Supplied information ::

______________________________

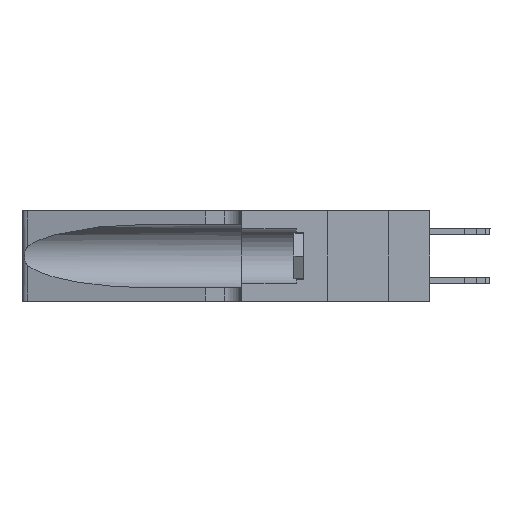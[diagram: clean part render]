
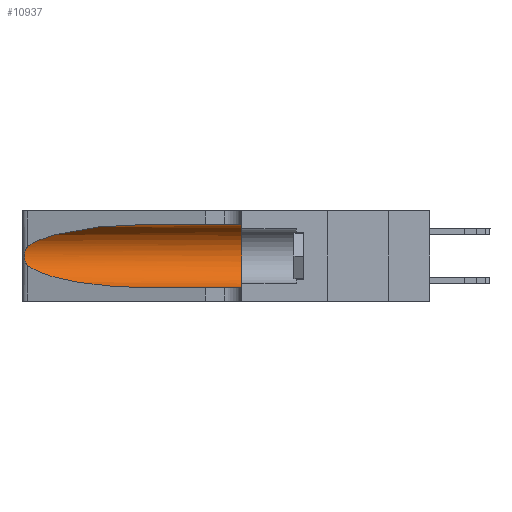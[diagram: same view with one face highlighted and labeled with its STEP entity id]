
A CAD part, left-side view. The second image highlights one B-rep face of the part: STEP entity #10937.
In plain terms, the highlighted cylindrical face has radius 3.308 mm (diameter 6.617 mm), a partial arc.
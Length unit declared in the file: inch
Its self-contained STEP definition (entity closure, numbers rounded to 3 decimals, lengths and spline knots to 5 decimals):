
#892 = CARTESIAN_POINT ( 'NONE',  ( 0.25555, 1.22993, 0.14849 ) ) ;
#899 = CYLINDRICAL_SURFACE ( 'NONE', #19962, 0.13025 ) ;
#1081 = EDGE_CURVE ( 'NONE', #21662, #8447, #6607, .T. ) ;
#1470 = CARTESIAN_POINT ( 'NONE',  ( 0.1305, 0.35, 0.185 ) ) ;
#1933 = CARTESIAN_POINT ( 'NONE',  ( 0.25487, 1.22718, 0.14631 ) ) ;
#2222 = CARTESIAN_POINT ( 'NONE',  ( 0.1305, 0.72297, 0.05475 ) ) ;
#2813 = CARTESIAN_POINT ( 'NONE',  ( 0.2373, 1.15595, 0.28018 ) ) ;
#2950 = CARTESIAN_POINT ( 'NONE',  ( 0.1305, 0.72297, 0.05475 ) ) ;
#3074 = CARTESIAN_POINT ( 'NONE',  ( 0.26075, 1.23896, 0.178 ) ) ;
#3097 = VERTEX_POINT ( 'NONE', #1933 ) ;
#3246 =( BOUNDED_CURVE ( )  B_SPLINE_CURVE ( 3, ( #10583, #22651, #9520, #2950 ),
 .UNSPECIFIED., .F., .F. ) 
 B_SPLINE_CURVE_WITH_KNOTS ( ( 4, 4 ),
 ( 3.44316, 4.71239 ),
 .UNSPECIFIED. ) 
 CURVE ( )  GEOMETRIC_REPRESENTATION_ITEM ( )  RATIONAL_B_SPLINE_CURVE ( ( 1., 0.87, 0.87, 1. ) ) 
 REPRESENTATION_ITEM ( '' )  );
#4076 = B_SPLINE_CURVE_WITH_KNOTS ( 'NONE', 3,
 ( #21431, #13268, #11193, #25805, #23622, #17405, #5046, #3074, #19617, #19441, #9105, #25632, #892, #15600 ),
 .UNSPECIFIED., .F., .F.,
 ( 4, 2, 2, 2, 2, 2, 4 ),
 ( 0., 0.00027, 0.00053, 0.00107, 0.0016, 0.00187, 0.00214 ),
 .UNSPECIFIED. ) ;
#4954 = CARTESIAN_POINT ( 'NONE',  ( 0.1305, 0.72297, 0.31525 ) ) ;
#5046 = CARTESIAN_POINT ( 'NONE',  ( 0.26075, 1.23896, 0.19203 ) ) ;
#5321 = CARTESIAN_POINT ( 'NONE',  ( 0.1305, 1.61858, 0.05475 ) ) ;
#6013 = ORIENTED_EDGE ( 'NONE', *, *, #6908, .T. ) ;
#6290 = DIRECTION ( 'NONE',  ( 0., -1., 0. ) ) ;
#6545 = ORIENTED_EDGE ( 'NONE', *, *, #19073, .T. ) ;
#6607 = LINE ( 'NONE', #24965, #24341 ) ;
#6908 = EDGE_CURVE ( 'NONE', #3097, #22408, #3246, .T. ) ;
#6916 = AXIS2_PLACEMENT_3D ( 'NONE', #1470, #24186, #9655 ) ;
#6939 = CARTESIAN_POINT ( 'NONE',  ( 0.18966, 0.96281, 0.31525 ) ) ;
#7199 = DIRECTION ( 'NONE',  ( 0., 0., -1. ) ) ;
#7292 = EDGE_LOOP ( 'NONE', ( #12172, #6545, #6013, #8333, #18867, #19686 ) ) ;
#7824 = LINE ( 'NONE', #5321, #22986 ) ;
#8333 = ORIENTED_EDGE ( 'NONE', *, *, #8410, .T. ) ;
#8410 = EDGE_CURVE ( 'NONE', #22408, #14646, #7824, .T. ) ;
#8447 = VERTEX_POINT ( 'NONE', #21984 ) ;
#8847 =( BOUNDED_CURVE ( )  B_SPLINE_CURVE ( 3, ( #4954, #6939, #2813, #23989 ),
 .UNSPECIFIED., .F., .F. ) 
 B_SPLINE_CURVE_WITH_KNOTS ( ( 4, 4 ),
 ( 1.5708, 2.84003 ),
 .UNSPECIFIED. ) 
 CURVE ( )  GEOMETRIC_REPRESENTATION_ITEM ( )  RATIONAL_B_SPLINE_CURVE ( ( 1., 0.87, 0.87, 1. ) ) 
 REPRESENTATION_ITEM ( '' )  );
#9105 = CARTESIAN_POINT ( 'NONE',  ( 0.25789, 1.23486, 0.15765 ) ) ;
#9520 = CARTESIAN_POINT ( 'NONE',  ( 0.18966, 0.96281, 0.05475 ) ) ;
#9655 = DIRECTION ( 'NONE',  ( 0., 0., 1. ) ) ;
#10583 = CARTESIAN_POINT ( 'NONE',  ( 0.25487, 1.22718, 0.14631 ) ) ;
#10733 = CIRCLE ( 'NONE', #6916, 0.13025 ) ;
#10937 = ADVANCED_FACE ( 'NONE', ( #19926 ), #899, .F. ) ;
#11193 = CARTESIAN_POINT ( 'NONE',  ( 0.25639, 1.23184, 0.21858 ) ) ;
#12172 = ORIENTED_EDGE ( 'NONE', *, *, #17105, .T. ) ;
#13268 = CARTESIAN_POINT ( 'NONE',  ( 0.25555, 1.22994, 0.2215 ) ) ;
#14377 = EDGE_CURVE ( 'NONE', #8447, #14646, #10733, .T. ) ;
#14646 = VERTEX_POINT ( 'NONE', #23071 ) ;
#15488 = CARTESIAN_POINT ( 'NONE',  ( 0.1305, 1.61858, 0.185 ) ) ;
#15600 = CARTESIAN_POINT ( 'NONE',  ( 0.25487, 1.22718, 0.14631 ) ) ;
#17105 = EDGE_CURVE ( 'NONE', #21662, #20255, #8847, .T. ) ;
#17405 = CARTESIAN_POINT ( 'NONE',  ( 0.26018, 1.23835, 0.19895 ) ) ;
#17687 = DIRECTION ( 'NONE',  ( 0., -1., 0. ) ) ;
#18867 = ORIENTED_EDGE ( 'NONE', *, *, #14377, .F. ) ;
#19073 = EDGE_CURVE ( 'NONE', #20255, #3097, #4076, .T. ) ;
#19441 = CARTESIAN_POINT ( 'NONE',  ( 0.25856, 1.23593, 0.16098 ) ) ;
#19607 = DIRECTION ( 'NONE',  ( 0., -1., 0. ) ) ;
#19617 = CARTESIAN_POINT ( 'NONE',  ( 0.26017, 1.23833, 0.17102 ) ) ;
#19686 = ORIENTED_EDGE ( 'NONE', *, *, #1081, .F. ) ;
#19926 = FACE_OUTER_BOUND ( 'NONE', #7292, .T. ) ;
#19962 = AXIS2_PLACEMENT_3D ( 'NONE', #15488, #19607, #7199 ) ;
#20255 = VERTEX_POINT ( 'NONE', #23109 ) ;
#21431 = CARTESIAN_POINT ( 'NONE',  ( 0.25487, 1.22718, 0.22369 ) ) ;
#21662 = VERTEX_POINT ( 'NONE', #23424 ) ;
#21984 = CARTESIAN_POINT ( 'NONE',  ( 0.1305, 0.35, 0.31525 ) ) ;
#22408 = VERTEX_POINT ( 'NONE', #2222 ) ;
#22651 = CARTESIAN_POINT ( 'NONE',  ( 0.2373, 1.15595, 0.08982 ) ) ;
#22986 = VECTOR ( 'NONE', #17687, 39.37008 ) ;
#23071 = CARTESIAN_POINT ( 'NONE',  ( 0.1305, 0.35, 0.05475 ) ) ;
#23109 = CARTESIAN_POINT ( 'NONE',  ( 0.25487, 1.22718, 0.22369 ) ) ;
#23424 = CARTESIAN_POINT ( 'NONE',  ( 0.1305, 0.72297, 0.31525 ) ) ;
#23622 = CARTESIAN_POINT ( 'NONE',  ( 0.25854, 1.2359, 0.20912 ) ) ;
#23989 = CARTESIAN_POINT ( 'NONE',  ( 0.25487, 1.22718, 0.22369 ) ) ;
#24186 = DIRECTION ( 'NONE',  ( 0., 1., 0. ) ) ;
#24341 = VECTOR ( 'NONE', #6290, 39.37008 ) ;
#24965 = CARTESIAN_POINT ( 'NONE',  ( 0.1305, 1.61858, 0.31525 ) ) ;
#25632 = CARTESIAN_POINT ( 'NONE',  ( 0.25639, 1.23186, 0.15144 ) ) ;
#25805 = CARTESIAN_POINT ( 'NONE',  ( 0.25787, 1.23484, 0.2124 ) ) ;
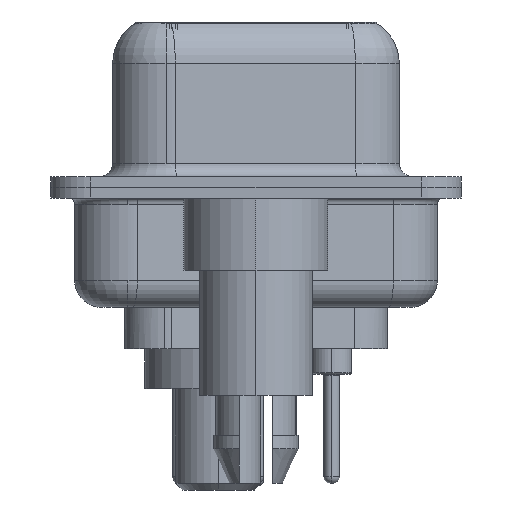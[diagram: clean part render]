
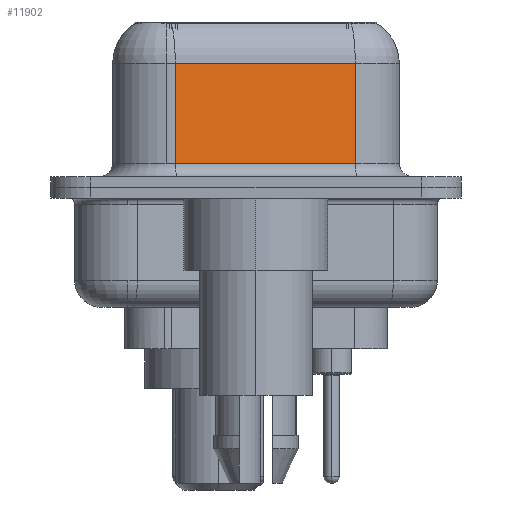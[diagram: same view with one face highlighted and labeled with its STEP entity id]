
A CAD part, left-side view. The second image highlights one B-rep face of the part: STEP entity #11902.
In plain terms, the highlighted planar face has unit normal (-0.985, -0.174, 0).
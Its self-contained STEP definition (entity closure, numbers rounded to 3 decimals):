
#242 = CARTESIAN_POINT ( 'NONE',  ( 5.621, -3.722, 0.9 ) ) ;
#1335 = VERTEX_POINT ( 'NONE', #25369 ) ;
#1656 = LINE ( 'NONE', #16833, #33636 ) ;
#2477 = DIRECTION ( 'NONE',  ( 0.174, -0.985, 0. ) ) ;
#3765 = DIRECTION ( 'NONE',  ( 0., 0., -1. ) ) ;
#3780 = CARTESIAN_POINT ( 'NONE',  ( 5.621, -3.722, 6.4 ) ) ;
#4834 = CARTESIAN_POINT ( 'NONE',  ( 5.621, -3.722, 4.65 ) ) ;
#5759 = ORIENTED_EDGE ( 'NONE', *, *, #6777, .T. ) ;
#6514 = CARTESIAN_POINT ( 'NONE',  ( 4.43, 3.028, 6.4 ) ) ;
#6777 = EDGE_CURVE ( 'NONE', #12198, #1335, #1656, .T. ) ;
#8620 = FACE_OUTER_BOUND ( 'NONE', #25274, .T. ) ;
#9308 = PLANE ( 'NONE',  #11519 ) ;
#10387 = CARTESIAN_POINT ( 'NONE',  ( 5.621, -3.722, 0.9 ) ) ;
#11519 = AXIS2_PLACEMENT_3D ( 'NONE', #3780, #11825, #17386 ) ;
#11646 = LINE ( 'NONE', #6514, #24835 ) ;
#11825 = DIRECTION ( 'NONE',  ( 0.985, 0.174, 0. ) ) ;
#11902 = ADVANCED_FACE ( 'NONE', ( #8620 ), #9308, .F. ) ;
#12198 = VERTEX_POINT ( 'NONE', #4834 ) ;
#12489 = EDGE_CURVE ( 'NONE', #12198, #17704, #32871, .T. ) ;
#12738 = VERTEX_POINT ( 'NONE', #13076 ) ;
#13076 = CARTESIAN_POINT ( 'NONE',  ( 4.43, 3.028, 0.9 ) ) ;
#15848 = ORIENTED_EDGE ( 'NONE', *, *, #30266, .T. ) ;
#16833 = CARTESIAN_POINT ( 'NONE',  ( 5.621, -3.722, 4.65 ) ) ;
#17386 = DIRECTION ( 'NONE',  ( -0.174, 0.985, 0. ) ) ;
#17704 = VERTEX_POINT ( 'NONE', #242 ) ;
#19448 = LINE ( 'NONE', #10387, #29670 ) ;
#20308 = EDGE_CURVE ( 'NONE', #12738, #17704, #19448, .T. ) ;
#20459 = DIRECTION ( 'NONE',  ( 0., 0., -1. ) ) ;
#20975 = ORIENTED_EDGE ( 'NONE', *, *, #12489, .F. ) ;
#24335 = ORIENTED_EDGE ( 'NONE', *, *, #20308, .T. ) ;
#24835 = VECTOR ( 'NONE', #3765, 1000. ) ;
#25274 = EDGE_LOOP ( 'NONE', ( #20975, #5759, #15848, #24335 ) ) ;
#25369 = CARTESIAN_POINT ( 'NONE',  ( 4.43, 3.028, 4.65 ) ) ;
#29670 = VECTOR ( 'NONE', #2477, 1000. ) ;
#30266 = EDGE_CURVE ( 'NONE', #1335, #12738, #11646, .T. ) ;
#30941 = CARTESIAN_POINT ( 'NONE',  ( 5.621, -3.722, 6.4 ) ) ;
#32691 = DIRECTION ( 'NONE',  ( -0.174, 0.985, 0. ) ) ;
#32871 = LINE ( 'NONE', #30941, #34579 ) ;
#33636 = VECTOR ( 'NONE', #32691, 1000. ) ;
#34579 = VECTOR ( 'NONE', #20459, 1000. ) ;

______________________________

Work to complete :: Look above for the line with "#7292 = EDGE_LOOP" and the line with "#8410 = EDGE_CURVE". Retype those two lines and every line between them exactly, adding nothing.

Solution to this exercise ::
#7292 = EDGE_LOOP ( 'NONE', ( #12172, #6545, #6013, #8333, #18867, #19686 ) ) ;
#7824 = LINE ( 'NONE', #5321, #22986 ) ;
#8333 = ORIENTED_EDGE ( 'NONE', *, *, #8410, .T. ) ;
#8410 = EDGE_CURVE ( 'NONE', #22408, #14646, #7824, .T. ) ;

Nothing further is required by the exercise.